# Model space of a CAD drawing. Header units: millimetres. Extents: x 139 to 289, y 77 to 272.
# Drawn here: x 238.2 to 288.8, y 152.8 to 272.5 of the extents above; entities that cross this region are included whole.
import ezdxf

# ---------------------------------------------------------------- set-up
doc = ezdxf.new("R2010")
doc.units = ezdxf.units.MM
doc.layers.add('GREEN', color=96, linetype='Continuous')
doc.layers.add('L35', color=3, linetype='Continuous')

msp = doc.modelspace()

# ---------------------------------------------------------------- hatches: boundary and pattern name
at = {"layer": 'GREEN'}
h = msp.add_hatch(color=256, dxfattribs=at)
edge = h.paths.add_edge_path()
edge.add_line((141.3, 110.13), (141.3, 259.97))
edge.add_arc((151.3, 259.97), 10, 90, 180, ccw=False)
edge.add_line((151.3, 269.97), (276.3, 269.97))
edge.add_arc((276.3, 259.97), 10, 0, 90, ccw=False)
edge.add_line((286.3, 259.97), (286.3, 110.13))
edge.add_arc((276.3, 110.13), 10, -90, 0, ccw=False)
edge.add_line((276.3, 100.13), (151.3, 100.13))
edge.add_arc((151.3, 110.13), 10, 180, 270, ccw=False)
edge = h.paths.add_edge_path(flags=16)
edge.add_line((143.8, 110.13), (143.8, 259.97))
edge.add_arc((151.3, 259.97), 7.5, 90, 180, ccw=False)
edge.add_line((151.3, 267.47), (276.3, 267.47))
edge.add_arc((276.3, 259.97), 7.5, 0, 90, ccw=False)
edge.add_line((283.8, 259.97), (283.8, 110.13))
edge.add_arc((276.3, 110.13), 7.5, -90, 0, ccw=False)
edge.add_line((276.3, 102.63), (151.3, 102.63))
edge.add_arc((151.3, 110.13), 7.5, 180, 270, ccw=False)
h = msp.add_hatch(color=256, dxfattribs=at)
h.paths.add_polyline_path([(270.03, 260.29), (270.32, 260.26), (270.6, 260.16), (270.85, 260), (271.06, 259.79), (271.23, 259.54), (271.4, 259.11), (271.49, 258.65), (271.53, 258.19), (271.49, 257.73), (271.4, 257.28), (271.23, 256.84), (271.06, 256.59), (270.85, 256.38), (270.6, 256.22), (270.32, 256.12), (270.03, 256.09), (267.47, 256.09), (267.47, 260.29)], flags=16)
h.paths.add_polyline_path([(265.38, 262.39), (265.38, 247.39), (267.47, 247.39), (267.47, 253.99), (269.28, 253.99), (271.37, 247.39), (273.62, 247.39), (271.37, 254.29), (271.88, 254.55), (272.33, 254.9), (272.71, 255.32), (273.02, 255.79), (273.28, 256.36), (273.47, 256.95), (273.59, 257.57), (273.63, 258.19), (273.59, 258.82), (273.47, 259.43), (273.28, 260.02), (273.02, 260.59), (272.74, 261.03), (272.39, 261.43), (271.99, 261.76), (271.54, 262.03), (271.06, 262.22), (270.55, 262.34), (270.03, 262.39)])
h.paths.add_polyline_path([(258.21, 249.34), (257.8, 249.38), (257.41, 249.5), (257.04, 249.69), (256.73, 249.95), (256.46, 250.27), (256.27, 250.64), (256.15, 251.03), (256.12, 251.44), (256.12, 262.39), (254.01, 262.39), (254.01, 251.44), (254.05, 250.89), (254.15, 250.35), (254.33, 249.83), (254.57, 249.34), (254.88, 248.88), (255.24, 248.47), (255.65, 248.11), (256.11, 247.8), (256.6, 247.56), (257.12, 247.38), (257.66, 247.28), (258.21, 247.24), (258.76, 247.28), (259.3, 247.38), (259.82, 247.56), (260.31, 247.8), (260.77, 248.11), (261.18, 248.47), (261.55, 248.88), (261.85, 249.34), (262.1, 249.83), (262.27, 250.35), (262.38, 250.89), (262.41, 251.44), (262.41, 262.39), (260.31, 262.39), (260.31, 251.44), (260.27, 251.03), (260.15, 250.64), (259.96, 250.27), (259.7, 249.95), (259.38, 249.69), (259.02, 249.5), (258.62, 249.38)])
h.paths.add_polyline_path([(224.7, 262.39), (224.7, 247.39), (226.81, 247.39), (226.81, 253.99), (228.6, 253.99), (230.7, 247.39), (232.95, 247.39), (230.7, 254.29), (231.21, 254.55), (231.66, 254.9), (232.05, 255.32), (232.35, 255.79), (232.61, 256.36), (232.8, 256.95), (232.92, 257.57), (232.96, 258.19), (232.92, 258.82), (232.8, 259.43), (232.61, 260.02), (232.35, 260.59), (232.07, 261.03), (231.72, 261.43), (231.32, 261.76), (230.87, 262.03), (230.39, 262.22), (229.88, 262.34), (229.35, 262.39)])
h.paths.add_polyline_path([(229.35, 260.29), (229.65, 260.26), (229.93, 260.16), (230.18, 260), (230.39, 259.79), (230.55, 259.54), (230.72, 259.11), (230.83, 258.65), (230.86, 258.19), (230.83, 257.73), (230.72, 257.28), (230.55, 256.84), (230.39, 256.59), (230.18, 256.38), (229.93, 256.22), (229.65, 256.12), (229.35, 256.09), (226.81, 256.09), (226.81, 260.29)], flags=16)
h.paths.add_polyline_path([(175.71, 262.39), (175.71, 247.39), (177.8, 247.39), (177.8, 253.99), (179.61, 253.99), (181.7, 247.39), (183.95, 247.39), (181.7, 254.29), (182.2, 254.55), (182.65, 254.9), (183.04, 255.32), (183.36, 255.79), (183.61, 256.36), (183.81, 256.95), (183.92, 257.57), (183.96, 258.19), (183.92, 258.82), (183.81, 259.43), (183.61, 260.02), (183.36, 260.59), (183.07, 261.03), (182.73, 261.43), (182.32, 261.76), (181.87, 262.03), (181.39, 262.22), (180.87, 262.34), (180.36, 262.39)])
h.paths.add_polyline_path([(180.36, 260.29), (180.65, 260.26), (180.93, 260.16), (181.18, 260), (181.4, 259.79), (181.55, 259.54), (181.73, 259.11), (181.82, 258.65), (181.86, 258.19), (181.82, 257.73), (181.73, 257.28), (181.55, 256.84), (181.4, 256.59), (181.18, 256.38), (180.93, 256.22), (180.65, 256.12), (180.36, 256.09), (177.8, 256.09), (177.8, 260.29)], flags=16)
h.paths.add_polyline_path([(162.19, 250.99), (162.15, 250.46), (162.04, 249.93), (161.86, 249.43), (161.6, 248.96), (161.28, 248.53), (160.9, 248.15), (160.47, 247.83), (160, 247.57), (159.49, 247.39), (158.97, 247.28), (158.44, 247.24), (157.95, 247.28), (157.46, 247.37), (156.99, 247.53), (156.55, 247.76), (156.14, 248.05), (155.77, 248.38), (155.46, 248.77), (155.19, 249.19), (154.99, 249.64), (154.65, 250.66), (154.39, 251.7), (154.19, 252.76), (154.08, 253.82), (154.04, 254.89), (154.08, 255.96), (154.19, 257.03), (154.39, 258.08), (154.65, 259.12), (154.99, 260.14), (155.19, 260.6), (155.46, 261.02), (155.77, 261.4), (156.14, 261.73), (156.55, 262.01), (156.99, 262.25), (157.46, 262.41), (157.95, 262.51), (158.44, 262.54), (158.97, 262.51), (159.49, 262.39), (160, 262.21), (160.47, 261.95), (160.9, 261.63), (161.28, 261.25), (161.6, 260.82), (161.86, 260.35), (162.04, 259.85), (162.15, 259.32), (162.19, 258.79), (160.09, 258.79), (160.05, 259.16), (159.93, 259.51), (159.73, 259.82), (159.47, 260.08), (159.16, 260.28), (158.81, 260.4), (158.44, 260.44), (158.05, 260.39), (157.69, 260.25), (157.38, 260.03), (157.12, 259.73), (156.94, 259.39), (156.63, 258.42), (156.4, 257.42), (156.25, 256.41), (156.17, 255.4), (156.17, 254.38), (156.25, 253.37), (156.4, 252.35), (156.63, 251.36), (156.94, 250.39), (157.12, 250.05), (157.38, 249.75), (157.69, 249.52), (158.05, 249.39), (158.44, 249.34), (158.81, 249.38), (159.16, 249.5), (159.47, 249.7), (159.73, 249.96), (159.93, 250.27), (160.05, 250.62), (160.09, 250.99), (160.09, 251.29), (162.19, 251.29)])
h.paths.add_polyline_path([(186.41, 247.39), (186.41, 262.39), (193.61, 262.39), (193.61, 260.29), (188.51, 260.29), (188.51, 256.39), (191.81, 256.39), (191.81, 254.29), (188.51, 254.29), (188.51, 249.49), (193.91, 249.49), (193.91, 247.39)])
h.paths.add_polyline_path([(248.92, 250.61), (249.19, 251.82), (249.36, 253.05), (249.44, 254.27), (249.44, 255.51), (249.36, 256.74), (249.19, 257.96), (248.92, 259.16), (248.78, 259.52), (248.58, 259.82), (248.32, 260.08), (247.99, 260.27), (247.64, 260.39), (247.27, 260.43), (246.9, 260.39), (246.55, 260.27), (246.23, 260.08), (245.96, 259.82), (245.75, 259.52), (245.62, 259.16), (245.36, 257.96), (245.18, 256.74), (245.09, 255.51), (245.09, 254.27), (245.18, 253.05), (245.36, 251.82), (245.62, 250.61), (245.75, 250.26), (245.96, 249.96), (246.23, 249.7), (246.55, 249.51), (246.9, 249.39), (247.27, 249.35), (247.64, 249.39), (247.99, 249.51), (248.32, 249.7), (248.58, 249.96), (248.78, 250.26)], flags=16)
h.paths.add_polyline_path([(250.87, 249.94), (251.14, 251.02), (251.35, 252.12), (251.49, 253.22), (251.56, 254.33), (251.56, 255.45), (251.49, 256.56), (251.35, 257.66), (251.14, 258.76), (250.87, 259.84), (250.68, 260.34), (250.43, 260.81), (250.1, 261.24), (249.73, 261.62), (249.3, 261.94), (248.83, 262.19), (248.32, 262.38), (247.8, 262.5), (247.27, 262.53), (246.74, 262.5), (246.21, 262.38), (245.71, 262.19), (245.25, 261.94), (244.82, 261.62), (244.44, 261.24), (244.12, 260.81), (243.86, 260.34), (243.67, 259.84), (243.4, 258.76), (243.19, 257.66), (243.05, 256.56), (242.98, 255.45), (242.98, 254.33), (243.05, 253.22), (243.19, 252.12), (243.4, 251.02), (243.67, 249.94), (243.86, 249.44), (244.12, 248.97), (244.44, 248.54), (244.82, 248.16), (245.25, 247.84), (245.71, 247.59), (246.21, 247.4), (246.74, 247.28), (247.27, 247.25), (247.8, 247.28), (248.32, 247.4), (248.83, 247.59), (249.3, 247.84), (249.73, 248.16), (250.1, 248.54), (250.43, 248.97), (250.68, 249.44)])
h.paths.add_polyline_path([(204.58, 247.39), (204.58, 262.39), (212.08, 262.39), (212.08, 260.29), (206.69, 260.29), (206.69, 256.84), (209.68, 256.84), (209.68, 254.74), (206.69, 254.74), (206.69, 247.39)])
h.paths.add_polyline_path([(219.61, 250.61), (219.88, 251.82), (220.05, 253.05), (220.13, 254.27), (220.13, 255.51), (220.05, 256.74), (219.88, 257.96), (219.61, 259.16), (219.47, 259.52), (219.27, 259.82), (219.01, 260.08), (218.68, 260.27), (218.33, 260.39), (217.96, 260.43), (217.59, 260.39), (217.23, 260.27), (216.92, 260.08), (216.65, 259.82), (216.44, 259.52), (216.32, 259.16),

WHAT TO PRODUCE:
How many lines in the entries above include the string "Continuous"? Please answer with that number and nothing more.

ANSWER BELOW:
2